An accelerator has peak compute $C^*$ FLOPs/sec and peak memory bandwidth $B^*$ bytes/sec. Above arithmetic intensity $C^* / B^*$ (the "ridge point"), you're compute-bound; below, memory-bound. For an H100: ~990 TFLOPS at FP16 and ~3.35 TB/s HBM → ridge ~300 FLOP/byte. A FP16 matmul with $n \ge 1800$ is comfortably compute-bound; a transformer layer-norm or activation function isn't. This is why everything in modern AI hardware is shaped to maximise matmul time and minimise everything else.
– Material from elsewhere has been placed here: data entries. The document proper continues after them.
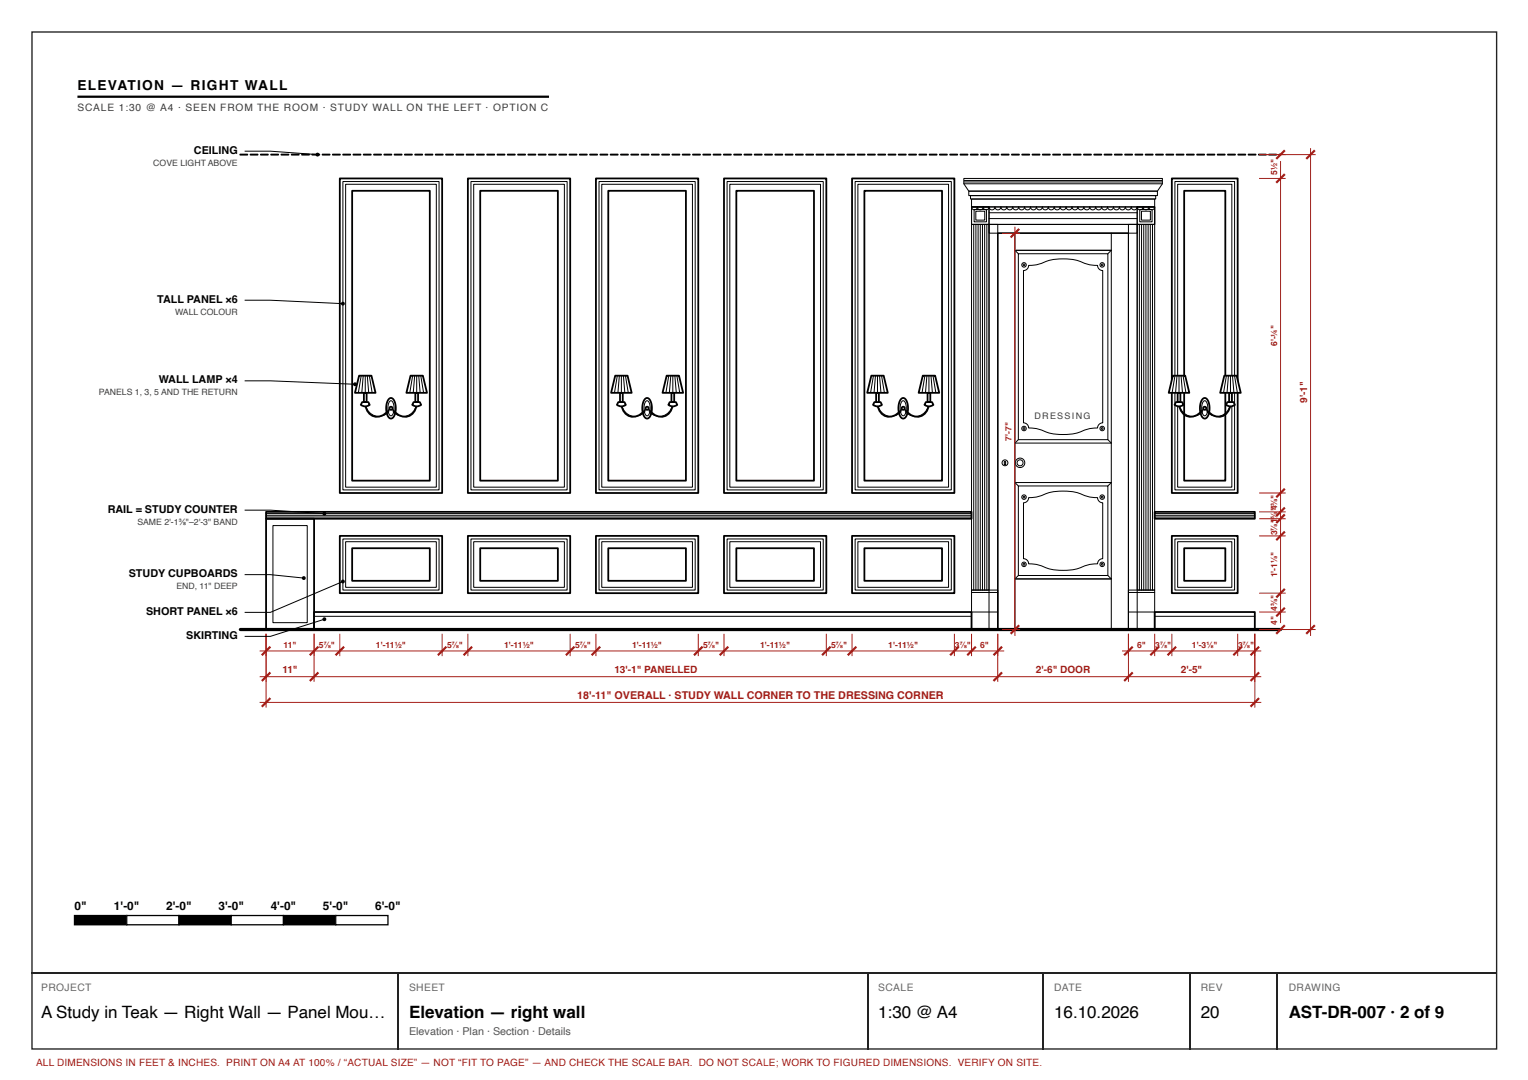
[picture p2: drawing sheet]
<svg xmlns="http://www.w3.org/2000/svg" width="297mm" height="210mm" viewBox="0 0 297 210" stroke-linecap="round" stroke-linejoin="round" font-family="sans-serif">
<path d="M6.2 6.2h284.7v197.7h-284.7z" fill="none" stroke="#222" stroke-width=".26"/>
<path d="M15.1 18.8h91.6" fill="none" stroke="#000" stroke-width=".44"/>
<g fill="none" stroke="#000" stroke-width=".35">
<path d="M66.1 34.7h19.8v61.1h-19.8zM68.5 37.1h15v56.3h-15zM90.9 34.7h19.9v61.1h-19.9zM93.3 37.1h15.1v56.3h-15.1zM115.8 34.7h19.9v61.1h-19.9zM118.2 37.1h15.1v56.3h-15.1zM140.7 34.7h19.9v61.1h-19.9zM143.1 37.1h15.1v56.3h-15.1zM165.6 34.7h19.9v61.1h-19.9zM168 37.1h15.1v56.3h-15.1zM227.8 34.7h12.8v61.1h-12.8zM230.2 37.1h8v56.3h-8z"/>
<path d="M51.7 99.5h137.1v1.3h-137.1zM224.4 99.5h19.5v1.3h-19.5zM51.7 100.8h9.4v21.5h-9.4zM61.1 118.9h127.7v3.4h-127.7zM66.1 104.1h19.8v11.2h-19.8zM68.5 106.5h15v6.4h-15zM90.9 104.1h19.9v11.2h-19.9zM93.3 106.5h15.1v6.4h-15.1zM115.8 104.1h19.9v11.2h-19.9zM118.2 106.5h15.1v6.4h-15.1zM140.7 104.1h19.9v11.2h-19.9zM143.1 106.5h15.1v6.4h-15.1z"/>
<path d="M165.6 104.1h19.9v11.2h-19.9zM168 106.5h15.1v6.4h-15.1zM224.4 118.9h19.5v3.4h-19.5zM227.8 104.1h12.8v11.2h-12.8zM230.2 106.5h8v6.4h-8z"/>
</g>
<g fill="none" stroke="#000" stroke-width=".19">
<path d="M66.7 35.3h18.6v59.9h-18.6zM67.2 35.8h17.6v58.9h-17.6zM91.5 35.3h18.7v59.9h-18.7zM92.1 35.8h17.6v58.9h-17.6zM116.4 35.3h18.7v59.9h-18.7zM117 35.8h17.6v58.9h-17.6zM141.3 35.3h18.7v59.9h-18.7zM141.9 35.8h17.6v58.9h-17.6zM166.2 35.3h18.7v59.9h-18.7zM166.8 35.8h17.6v58.9h-17.6zM228.4 35.3h11.6v59.9h-11.6zM228.9 35.8h10.5v58.9h-10.5z"/>
<path d="M51.7 99.8h137.1M224.4 99.8h19.5M51.7 100.5h137.1M51.7 100.1h137.1M53.1 102.1h6.6v18.9h-6.6zM61.1 119.8h127.7M66.7 104.7h18.6v10h-18.6zM67.2 105.3h17.6v8.8h-17.6zM91.5 104.7h18.7v10h-18.7zM92.1 105.3h17.6v8.8h-17.6zM116.4 104.7h18.7v10h-18.7zM117 105.3h17.6v8.8h-17.6z"/>
<path d="M141.3 104.7h18.7v10h-18.7zM141.9 105.3h17.6v8.8h-17.6zM166.2 104.7h18.7v10h-18.7zM166.8 105.3h17.6v8.8h-17.6zM224.4 119.8h19.5M224.4 100.5h19.5M224.4 100.1h19.5M228.4 104.7h11.6v10h-11.6zM228.9 105.3h10.5v8.8h-10.5z"/>
</g>
<path d="M75.6 77.5a.75 .75 0 0 1 .8 0 .75 .75 0 0 1 .4 .7 2.93 2.93 0 0 1-.6 3.1h-.1a1.51 1.51 0 0 1-1-1.8l.1-1.1z" fill="#fff"/>
<path d="M75.6 77.5a.75 .75 0 0 1 .8 0 .75 .75 0 0 1 .4 .7 2.93 2.93 0 0 1-.6 3.1h-.1a1.51 1.51 0 0 1-1-1.8l.1-1.1z" fill="none" stroke="#000" stroke-width=".35"/>
<path d="M75.8 78a.54 .54 0 0 1 .5 .1 .54 .54 0 0 1 .2 .5l.1 1.1a.98 .98 0 0 1-.7 1.1 2.48 2.48 0 0 1-.1-2.8z" fill="none" stroke="#000" stroke-width=".19"/>
<circle cx="76" cy="79.3" r=".3" fill="#fff"/>
<g fill="none" stroke="#000" stroke-width=".35">
<path d="M71 78.7a2.32 2.32 0 0 0 1.4 2.1 2.32 2.32 0 0 0 2.5-.5l.7-.6"/>
<circle cx="76" cy="79.3" r=".3"/>
</g>
<path d="M71.1 78.9a2.56 2.56 0 0 0 1.9 1.9 2.56 2.56 0 0 0 2.6-.8" fill="none" stroke="#000" stroke-width=".19"/>
<path d="M70.4 78.1h1.2l.3 .6a1.41 1.41 0 0 1-1.8 0z" fill="#fff"/>
<path d="M70.4 78.1h1.2l.3 .6a1.41 1.41 0 0 1-1.8 0z" fill="none" stroke="#000" stroke-width=".35"/>
<path d="M70.7 76.3h.6v1.8h-.6z" fill="#fff"/>
<path d="M70.7 76.3h.6v1.8h-.6z" fill="none" stroke="#000" stroke-width=".35"/>
<path d="M69.8 73h2.4l.8 3.3h-4z" fill="#fff"/>
<path d="M69.8 73h2.4l.8 3.3h-4zM81 78.7a2.32 2.32 0 0 1-1.4 2.1 2.32 2.32 0 0 1-2.5-.5l-.7-.6" fill="none" stroke="#000" stroke-width=".35"/>
<path d="M70.2 73.1l-.5 3.2M70.6 73.1l-.3 3.2M71 73.1v3.2M71.4 73.1l.3 3.2M71.8 73.1l.5 3.2M80.9 78.9a2.56 2.56 0 0 1-1.9 1.9 2.56 2.56 0 0 1-2.6-.8" fill="none" stroke="#000" stroke-width=".19"/>
<path d="M80.4 78.1h1.2l.3 .6a1.41 1.41 0 0 1-1.8 0z" fill="#fff"/>
<path d="M80.4 78.1h1.2l.3 .6a1.41 1.41 0 0 1-1.8 0z" fill="none" stroke="#000" stroke-width=".35"/>
<path d="M80.7 76.3h.6v1.8h-.6z" fill="#fff"/>
<path d="M80.7 76.3h.6v1.8h-.6z" fill="none" stroke="#000" stroke-width=".35"/>
<path d="M79.8 73h2.4l.8 3.3h-4z" fill="#fff"/>
<path d="M79.8 73h2.4l.8 3.3h-4z" fill="none" stroke="#000" stroke-width=".35"/>
<path d="M80.2 73.1l-.5 3.2M80.6 73.1l-.3 3.2M81 73.1v3.2M81.4 73.1l.3 3.2M81.8 73.1l.5 3.2" fill="none" stroke="#000" stroke-width=".19"/>
<path d="M125.4 77.5a.75 .75 0 0 1 .8 0 .75 .75 0 0 1 .4 .7 2.93 2.93 0 0 1-.6 3.1h-.1a1.51 1.51 0 0 1-1-1.8l.1-1.1z" fill="#fff"/>
<path d="M125.4 77.5a.75 .75 0 0 1 .8 0 .75 .75 0 0 1 .4 .7 2.93 2.93 0 0 1-.6 3.1h-.1a1.51 1.51 0 0 1-1-1.8l.1-1.1z" fill="none" stroke="#000" stroke-width=".35"/>
<path d="M125.6 78a.54 .54 0 0 1 .5 .1 .54 .54 0 0 1 .2 .5l.1 1.1a.98 .98 0 0 1-.7 1.1 2.48 2.48 0 0 1-.1-2.8z" fill="none" stroke="#000" stroke-width=".19"/>
<circle cx="125.8" cy="79.3" r=".3" fill="#fff"/>
<g fill="none" stroke="#000" stroke-width=".35">
<path d="M120.8 78.7a2.32 2.32 0 0 0 1.4 2.1 2.32 2.32 0 0 0 2.5-.5l.7-.6"/>
<circle cx="125.8" cy="79.3" r=".3"/>
</g>
<path d="M120.9 78.9a2.56 2.56 0 0 0 1.9 1.9 2.56 2.56 0 0 0 2.6-.8" fill="none" stroke="#000" stroke-width=".19"/>
<path d="M120.2 78.1h1.2l.2 .6a1.41 1.41 0 0 1-1.7 0z" fill="#fff"/>
<path d="M120.2 78.1h1.2l.2 .6a1.41 1.41 0 0 1-1.7 0z" fill="none" stroke="#000" stroke-width=".35"/>
<path d="M120.5 76.3h.5v1.8h-.5z" fill="#fff"/>
<path d="M120.5 76.3h.5v1.8h-.5z" fill="none" stroke="#000" stroke-width=".35"/>
<path d="M119.6 73h2.4l.8 3.3h-4z" fill="#fff"/>
<path d="M119.6 73h2.4l.8 3.3h-4zM130.8 78.7a2.32 2.32 0 0 1-1.4 2.1 2.32 2.32 0 0 1-2.6-.5l-.6-.6" fill="none" stroke="#000" stroke-width=".35"/>
<path d="M120 73.1l-.6 3.2M120.4 73.1l-.3 3.2M120.8 73.1v3.2M121.2 73.1l.2 3.2M121.6 73.1l.5 3.2M130.6 78.9a2.56 2.56 0 0 1-1.8 1.9 2.56 2.56 0 0 1-2.6-.8" fill="none" stroke="#000" stroke-width=".19"/>
<path d="M130.2 78.1h1.2l.2 .6a1.41 1.41 0 0 1-1.7 0z" fill="#fff"/>
<path d="M130.2 78.1h1.2l.2 .6a1.41 1.41 0 0 1-1.7 0z" fill="none" stroke="#000" stroke-width=".35"/>
<path d="M130.5 76.3h.5v1.8h-.5z" fill="#fff"/>
<path d="M130.5 76.3h.5v1.8h-.5z" fill="none" stroke="#000" stroke-width=".35"/>
<path d="M129.6 73h2.4l.8 3.3h-4z" fill="#fff"/>
<path d="M129.6 73h2.4l.8 3.3h-4z" fill="none" stroke="#000" stroke-width=".35"/>
<path d="M130 73.1l-.6 3.2M130.4 73.1l-.3 3.2M130.8 73.1v3.2M131.2 73.1l.2 3.2M131.6 73.1l.5 3.2" fill="none" stroke="#000" stroke-width=".19"/>
<path d="M175.2 77.5a.75 .75 0 0 1 .8 0 .75 .75 0 0 1 .3 .7 2.93 2.93 0 0 1-.6 3.1 1.51 1.51 0 0 1-1.1-1.8l.1-1.1z" fill="#fff"/>
<path d="M175.2 77.5a.75 .75 0 0 1 .8 0 .75 .75 0 0 1 .3 .7 2.93 2.93 0 0 1-.6 3.1 1.51 1.51 0 0 1-1.1-1.8l.1-1.1z" fill="none" stroke="#000" stroke-width=".35"/>
<path d="M175.3 78a.54 .54 0 0 1 .6 .1 .54 .54 0 0 1 .2 .5v1.1a.98 .98 0 0 1-.7 1.1 2.48 2.48 0 0 1-.1-2.8z" fill="none" stroke="#000" stroke-width=".19"/>
<circle cx="175.6" cy="79.3" r=".3" fill="#fff"/>
<g fill="none" stroke="#000" stroke-width=".35">
<path d="M170.6 78.7a2.32 2.32 0 0 0 1.4 2.1 2.32 2.32 0 0 0 2.5-.5l.7-.6"/>
<circle cx="175.6" cy="79.3" r=".3"/>
</g>
<path d="M170.7 78.9a2.56 2.56 0 0 0 1.9 1.9 2.56 2.56 0 0 0 2.6-.8" fill="none" stroke="#000" stroke-width=".19"/>
<path d="M170 78.1h1.2l.2 .6a1.41 1.41 0 0 1-1.7 0z" fill="#fff"/>
<path d="M170 78.1h1.2l.2 .6a1.41 1.41 0 0 1-1.7 0z" fill="none" stroke="#000" stroke-width=".35"/>
<path d="M170.3 76.3h.5v1.8h-.5z" fill="#fff"/>
<path d="M170.3 76.3h.5v1.8h-.5z" fill="none" stroke="#000" stroke-width=".35"/>
<path d="M169.4 73h2.4l.8 3.3h-4z" fill="#fff"/>
<path d="M169.4 73h2.4l.8 3.3h-4zM180.6 78.7a2.32 2.32 0 0 1-1.5 2.1 2.32 2.32 0 0 1-2.5-.5l-.6-.6" fill="none" stroke="#000" stroke-width=".35"/>
<path d="M169.8 73.1l-.6 3.2M170.2 73.1l-.3 3.2M170.6 73.1v3.2M171 73.1l.2 3.2M171.4 73.1l.5 3.2M180.4 78.9a2.56 2.56 0 0 1-1.8 1.9 2.56 2.56 0 0 1-2.6-.8" fill="none" stroke="#000" stroke-width=".19"/>
<path d="M180 78.1h1.2l.2 .6a1.41 1.41 0 0 1-1.7 0z" fill="#fff"/>
<path d="M180 78.1h1.2l.2 .6a1.41 1.41 0 0 1-1.7 0z" fill="none" stroke="#000" stroke-width=".35"/>
<path d="M180.3 76.3h.5v1.8h-.5z" fill="#fff"/>
<path d="M180.3 76.3h.5v1.8h-.5z" fill="none" stroke="#000" stroke-width=".35"/>
<path d="M179.4 73h2.4l.8 3.3h-4z" fill="#fff"/>
<path d="M179.4 73h2.4l.8 3.3h-4z" fill="none" stroke="#000" stroke-width=".35"/>
<path d="M179.8 73.1l-.6 3.2M180.2 73.1l-.3 3.2M180.6 73.1v3.2M181 73.1l.2 3.2M181.4 73.1l.5 3.2" fill="none" stroke="#000" stroke-width=".19"/>
<path d="M233.8 77.5a.75 .75 0 0 1 .8 0 .75 .75 0 0 1 .4 .7 2.93 2.93 0 0 1-.6 3.1h-.1a1.51 1.51 0 0 1-1.1-1.8l.2-1.1z" fill="#fff"/>
<path d="M233.8 77.5a.75 .75 0 0 1 .8 0 .75 .75 0 0 1 .4 .7 2.93 2.93 0 0 1-.6 3.1h-.1a1.51 1.51 0 0 1-1.1-1.8l.2-1.1z" fill="none" stroke="#000" stroke-width=".35"/>
<path d="M233.9 78a.54 .54 0 0 1 .6 .1 .54 .54 0 0 1 .2 .5l.1 1.1a.98 .98 0 0 1-.7 1.1 2.48 2.48 0 0 1-.2-2.8z" fill="none" stroke="#000" stroke-width=".19"/>
<circle cx="234.2" cy="79.3" r=".3" fill="#fff"/>
<g fill="none" stroke="#000" stroke-width=".35">
<path d="M229.2 78.7a2.32 2.32 0 0 0 1.4 2.1 2.32 2.32 0 0 0 2.5-.5l.7-.6"/>
<circle cx="234.2" cy="79.3" r=".3"/>
</g>
<path d="M229.3 78.9a2.56 2.56 0 0 0 1.9 1.9 2.56 2.56 0 0 0 2.6-.8" fill="none" stroke="#000" stroke-width=".19"/>
<path d="M228.6 78.1h1.2l.2 .6a1.41 1.41 0 0 1-1.7 0z" fill="#fff"/>
<path d="M228.6 78.1h1.2l.2 .6a1.41 1.41 0 0 1-1.7 0z" fill="none" stroke="#000" stroke-width=".35"/>
<path d="M228.9 76.3h.5v1.8h-.5z" fill="#fff"/>
<path d="M228.9 76.3h.5v1.8h-.5z" fill="none" stroke="#000" stroke-width=".35"/>
<path d="M228 73h2.4l.8 3.3h-4z" fill="#fff"/>
<path d="M228 73h2.4l.8 3.3h-4zM239.2 78.7a2.32 2.32 0 0 1-1.4 2.1 2.32 2.32 0 0 1-2.6-.5l-.6-.6" fill="none" stroke="#000" stroke-width=".35"/>
<path d="M228.4 73.1l-.6 3.2M228.8 73.1l-.3 3.2M229.2 73.1v3.2M229.6 73.1l.2 3.2M230 73.1l.5 3.2M239 78.9a2.56 2.56 0 0 1-1.8 1.9 2.56 2.56 0 0 1-2.6-.8" fill="none" stroke="#000" stroke-width=".19"/>
<path d="M238.6 78.1h1.2l.2 .6a1.41 1.41 0 0 1-1.7 0z" fill="#fff"/>
<path d="M238.6 78.1h1.2l.2 .6a1.41 1.41 0 0 1-1.7 0z" fill="none" stroke="#000" stroke-width=".35"/>
<path d="M238.9 76.3h.5v1.8h-.5z" fill="#fff"/>
<path d="M238.9 76.3h.5v1.8h-.5z" fill="none" stroke="#000" stroke-width=".35"/>
<path d="M238 73h2.4l.8 3.3h-4z" fill="#fff"/>
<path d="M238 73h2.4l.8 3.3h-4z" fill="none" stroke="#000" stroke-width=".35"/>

The 4 lines that explain the AI hardware industry

(1) Matmul has favourable arithmetic intensity. (2) Matmul gets even better when you tile and re-use sub-tiles. (3) An accelerator that maximises tiled-matmul throughput per Watt wins. (4) The TPU and the GPU's tensor cores are both optimisations of (3).

11

Cheat Sheet

Matmul has four equivalent views: entry = inner product (1); $C$ has columns = $A \cdot$col-of-$B$ (2); $C$ has rows = row-of-$A \cdot B$ (3); $C$ = sum of $k$ outer products (4). Same FLOPs, different mental models.
Block matmul respects partitions: $C_{IJ} = \sum_K A_{IK} B_{KJ}$. The recursive structure that powers cache-friendly tiling, GPU shared-memory loading, TPU MXU operation, FlashAttention.
Batched matmul (BMM) is element-wise matmul over an outer batch dimension. Almost every matmul in a transformer is batched over $(B, H, \ldots)$.
$(AB)^\top = B^\top A^\top$. Order reverses. This is the rule that makes backprop work.
Matmul is associative but the parenthesisation matters for cost. For long sequences and small head-dim, $Q(K^\top V)$ is asymptotically faster than $(QK^\top)V$ — the foundation of linear attention.
Arithmetic intensity of an $n\times n$ matmul scales linearly with $n$. This is why matmul, alone among basic numerical kernels, can saturate modern accelerator FLOPs.
Strassen-style sub-cubic algorithms exist but aren't used in practice: their constants are too high and modern hardware too good at the cubic algorithm with tiling.